Monday, September 04, 2006

Corporate guidelines for companies with public corporate blog sites - an article from Fredrik Wackå

We created a small group of people in our company to help our customers prepare and implement Corporate Guidelines for the company blog sites they build with our system. We have especially focused on the ones that have public access besides the Internal communication and knowledge management features as goals. We started preparing documents and example guidelines that are available from the corporations that already have those in place – good better and best… We actually could not find bad ones. While we were doing that I found a very, very nice article called “Policies compared: Today's corporate blogging rules” form Fredrik Wackå from Malmö, Sweden. He is with W PR & Information AB. I would like to personally thank him for the wonderful article he put together. Thank you, Fredrik. The article is great and everybody dealing with corporate blogging should read it.

I will be posting some more information about similar pieces but I really wanted to start with this one.

Sunday, September 03, 2006

About Corporate Blogging, search engines and how to use the corporate blog to attract traffic

I got a couple of questions this week forwarded to me from our sales team and sent directly from some of our customers. Will the corporate blog site get the company more exposure? That is a question with several “Yes's” as answers and with several “If's” too. Yes, the corporate blog will definitely help you get better search engine ranking and drive more traffic to your website. But you also have to help the situation. It will not happen by itself. You have to do your homework and keep doing it all the time.

You have to know first that Google and Yahoo have different indexing mechanisms and this brings different results to both search engines. You also have to know that usually the blogging software you are using and especially our system will automatically ping the main blog search engines but each corporate blog’s administrator will have to help too. For example: manual submission to Blogpulse is required and creating a corporate or personal profile at Technorati will help significantly. The easy part of it ends here - that is what I have always told all corporate bloggers, not only our own customers.

You have to blog guys! It is a blog! It needs attention, or you can say – it is a company, it needs work, it needs attention and care. Debbie Weil says: “Corporations do not blog, individuals do”. I could not agree more. My interpretation with the same meaning for quite some time now has been: “It is up to the people in one company, the employees and owners that care, that have to get organized and blog, communicate and discuss with customers, vendors, and last but not the least - between themselves. The company will not blog, it is the people inside that will”. Debbie Weil has worded it better and more precisely.

So, in order to really use the company blog as a tool you have to blog, you have to share your thoughts, worries and achievements with the world. That is the key.

One of the first issues is to create company blog guidelines. Another step is to select a team within your company or hire professionals to do it for you. My personal opinion is that an insider will do a better and faster job while the “hired guns” will take some time to step up properly. On the other hand the hired pros will not need time to learn what a corporate blog is and how to keep it alive. The CEO or any other member of the management is good to blog but this is not obligatory. Quite often regular employees or PR and Marketing Department members would do a better job.
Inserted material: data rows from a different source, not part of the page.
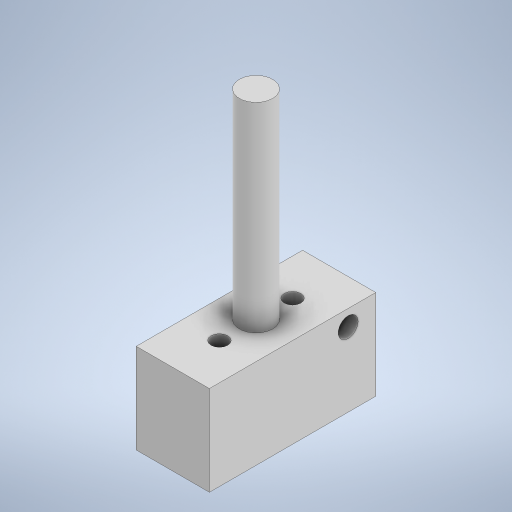
# Autodesk Inventor part: Suporte Eletroimã
Saved by Autodesk Inventor 2023 (Build 270158000, 158)
## iProperties
Created: 2023-03-07
Part Number: Suporte Eletroimã
Material: Genérico
Document SubType Name: Modeling
Designer: Inteli
Density: 1 g/cm^3
Appearance: Padrão
Author: Inteli
Autodesk Inventor part; units mm, degrees
ref_plane "YZ Plane" through (0, 0, 0) normal (1, 0, 0) x (0, 1, 0)
ref_plane "XZ Plane" through (0, 0, 0) normal (0, 1, 0) x (-1, 0, 0)
ref_plane "XY Plane" through (0, 0, 0) normal (0, 0, 1) x (1, 0, 0)
sketch "Esboço1" plane through (0, 0, 0) normal (0, 1, 0) x (-1, 0, 0)
  circle A0 centre (0, 11) radius 10
  circle A1 centre (0, -11) radius 10
  line L0 (9, 2) -> (-9, 2)
  line L1 (-9, -2) -> (9, -2)
  line L2 (9, 20) -> (-9, 20)
  line L3 (-9, -20) -> (9, -20)
  line L4 (11, 25) -> (-11, 25)
  line L5 (-11, 25) -> (-11, -25)
  line L6 (-11, -25) -> (11, -25)
  line L7 (11, -25) -> (11, 25)
  line L8 (9, -20) -> (9, -2)
  line L9 (9, 2) -> (9, 20)
  line L10 (-9, 20) -> (-9, 2)
  line L11 (-9, -2) -> (-9, -20)
  point P0 (-9, 6.6411)
  point P1 (-9, 15.3589)
  point P2 (-4.3589, 20)
  point P3 (4.3589, 20)
  point P4 (9, 15.3589)
  point P5 (9, 6.6411)
  point P6 (4.3589, 2)
  point P7 (-4.3589, 2)
  point P8 (-9, -6.6411)
  point P9 (-4.3589, -2)
  point P10 (4.3589, -2)
  point P11 (9, -6.6411)
  point P12 (9, -15.3589)
  point P13 (4.3589, -20)
  point P14 (-4.3589, -20)
  point P15 (-9, -15.3589)
  point P16 (0, 3)
  point P17 (0, 0)
  dimension "d15" = 22
  dimension "d16" = 40
  dimension "d17" = 18
  dimension "d18" = 22
  dimension "d19" = 50
  constraints: 24 end point, 8 parallel, 3 horizontal, 3 perpendicular, 2 centre point, 1 coincident
  measures "d15" distance of A1.centre point (0, 11)
  measures "d16" distance of L3.start L2.end
  measures "d17" distance of L3.start L3.end
  measures "d18" distance of L6.end L5.end
  measures "d19" distance of L5.end L4.end
extrude "Base Principal dos Imãs" add sketch "Esboço1" along normal blind 18
sketch "Esboço3" plane through (0, 18, 0) normal (0, 1, 0) x (1, 0, 0)
  line L0 (11, -25) -> (11, 25) projected
  line L1 (-11, -25) -> (11, -25)
  line L2 (11, -25) -> (11, 25)
  line L3 (11, 25) -> (-11, 25)
  line L4 (-11, 25) -> (-11, -25)
  line L5 (-11, -25) -> (11, 25) construction
  line L6 (11, -25) -> (-11, 25) construction
  point P0 (0, 0)
  point P1 (11, -25)
  constraints: 12 end point, 2 midpoint, 2 parallel, 1 horizontal, 1 perpendicular
extrude "Extrusão3" add sketch "Esboço3" along normal blind 9
sketch "Esboço4" plane through (0, 27, 0) normal (0, 1, 0) x (1, 0, 0)
  circle A0 centre (0, 0) radius 5
  dimension "d40" = 10
  constraints: 1 centre point, 1 coincident
  measures "d40" diameter of A0
extrude "Extrusão4" add sketch "Esboço4" along normal blind 60
sketch "Esboço5" plane through (-11, 0, -25) normal (-1, 0, 0) x (0, 0, 1)
  line L0 (0.0998, 15) -> (43.9803, 15)
  line L1 (31.6411, 18) -> (40.3589, 18) projected
  circle A0 centre (8.3044, 22.136) radius 3
  line L2 (5, 18) -> (9.6411, 18) projected
  point P0 (25, 0)
  dimension "d43" = 6
  constraints: 1 centre point, 1 horizontal, 3 other
  measures "d43" diameter of A0
extrude "Extrusão5" cut sketch "Esboço5" against normal up to surface (22 mm away)
sketch "Esboço6" plane through (0, 18, 0) normal (0, -1, 0) x (1, 0, 0)
  arc A0 (9, 6.6411) -> (9, 15.3589) centre (0, 11) ccw projected
  arc A1 (9, -15.3589) -> (9, -6.6411) centre (0, -11) ccw projected
  circle A2 centre (0, 11) radius 2.5
  circle A3 centre (0, -11) radius 2.5
  point P0 (0, 0)
  dimension "d48" = 5
  dimension "d49" = 5
  constraints: 4 coincident, 2 centre point
  measures "d48" diameter of A2
  measures "d49" diameter of A3
extrude "Extrusão6" cut sketch "Esboço6" against normal up to surface (9 mm away)

Once this is in place - get the hot topics off the charts and the business plan, get the initial customer feedback and start writing about it. I can not stop repeating that you have to blog often; you have to keep the blog alive. It will be a mistake if you just put text in there and post for the sake of the daily obligation. Blog wisely! Choose the topics properly and have your own opinion in there. I think that if 3-5 posts a week appear on your company blog per blogger – that will be something. Check blog statistics daily, most popular articles, most popular search terms, search engine links and visit durations – everything is important to properly monitor and direct the company blog.

Another important step is to have the company bloggers read and comment other people’s and companies' blogs. Identify yourself and your company blog to the world by making other people’s efforts and achievements worthwhile.

The content available in the Cyberspace is vast, the Blogosphere is growing rapidly. Content creation on your blog will not be important unless it is specific, focused, precise and has a personal touch.

Saturday, September 02, 2006

The Corporate Blogging Book by Debbie Weil - this is a must-have book for the corporate blogging community members, and not only! The book is great!


After Tanya spotted the book on a bookshop window I got it about 10 days ago. Since we were releasing a couple of new customers and pilot testers I was kind of busy and managed to look at the book just last night. I have to say that BY now it is already read and remarks are done both on the book (sorry Debbie, I sometimes make small comments with a pencil) and on a couple of sheets. I am also getting another copy from the local Barnes and Noble store to bring to our European office as this is not available in Europe yet.

Guys and girls, you have to read The Corporate Blogging Book - you will find basic information about the blogs initially, about the corporate blogs, answers of the most common issues standing in front of anyone planning to enter the corporate blogosphere and perfect examples... Then more and more profound and detailed info and research materials about corporate blogging and business networking. The book has very nice comments on some of the CEO's blogs, examples of some prominent corporate bloggers and comments on large and small corporate blogs.

The Corporate Blogging Book by Debbie Weil also has examples and comments for corporate blogging guidelines and other legal issues to consider as well as some nice and very probable direction where the corporate blogging will head. I definately recommend this book for everyone.